The task: Would you copy out exactly the lines of the listing below, beginning with the one that contains "circle A0 centre (0, 0) radius 36.5125" and ending with the last?

* * *

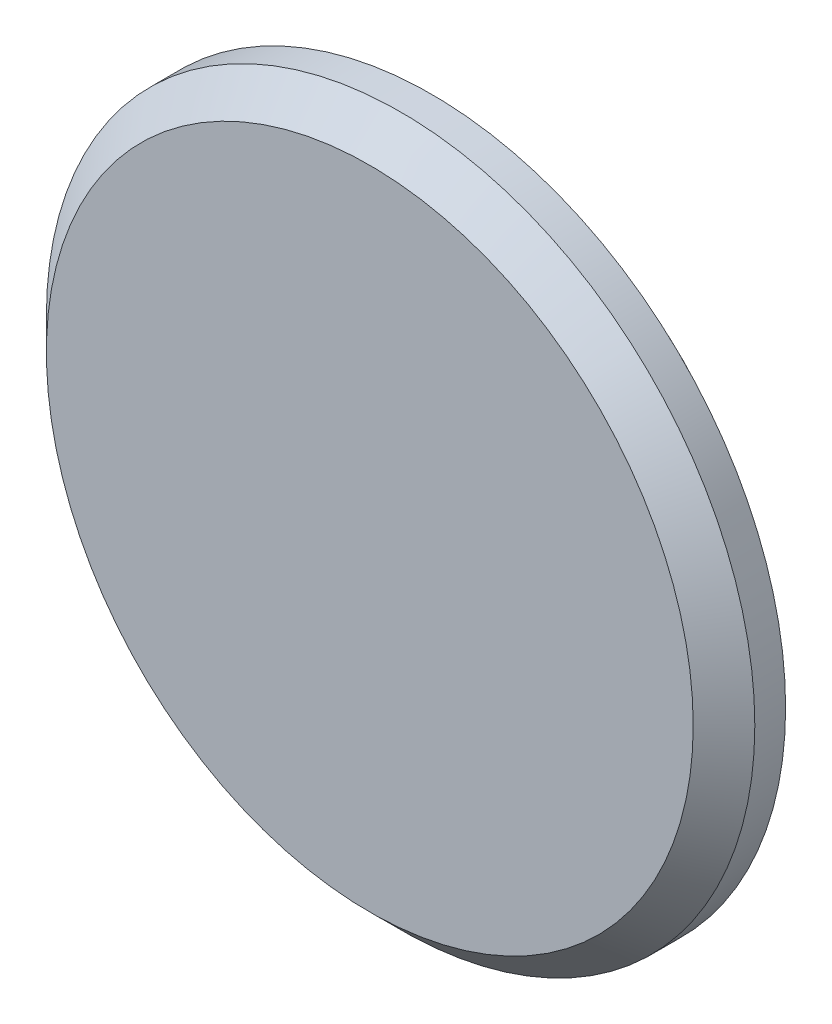
SolidWorks part; units mm, degrees
material "PET"
ref_plane "Front Plane" through (0, 0, 0) normal (0, 0, 1) x (1, 0, 0)
ref_plane "Top Plane" through (0, 0, 0) normal (0, 1, 0) x (1, 0, 0)
ref_plane "Right Plane" through (0, 0, 0) normal (1, 0, 0) x (0, 0, -1)
sketch "Sketch1" plane through (0, 0, 0) normal (0, 0, 1) x (1, 0, 0)
  circle A2 centre (0, 0) radius 30.0863
  circle A3 centre (0, 0) radius 30.0863
  dimension "D1" = 1.27
extrude "Boss-Extrude1" add sketch "Sketch1" against normal blind 6.35
sketch "Sketch2" plane through (0, 0, 0) normal (0, 0, 1) x (1, 0, 0)
  circle A0 centre (0, 0) radius 36.5125
extrude "Boss-Extrude2" add sketch "Sketch2" along normal blind 6.35
chamfer "Chamfer1" distance 3.175 angle 45 1 edges at (36.5125, 0, 6.35)
chamfer "Chamfer2" distance 2.54 angle 45 1 edges at (30.0863, 0, -6.35)

* * *

Solution to the exercise:
  circle A0 centre (0, 0) radius 36.5125
extrude "Boss-Extrude2" add sketch "Sketch2" along normal blind 6.35
chamfer "Chamfer1" distance 3.175 angle 45 1 edges at (36.5125, 0, 6.35)
chamfer "Chamfer2" distance 2.54 angle 45 1 edges at (30.0863, 0, -6.35)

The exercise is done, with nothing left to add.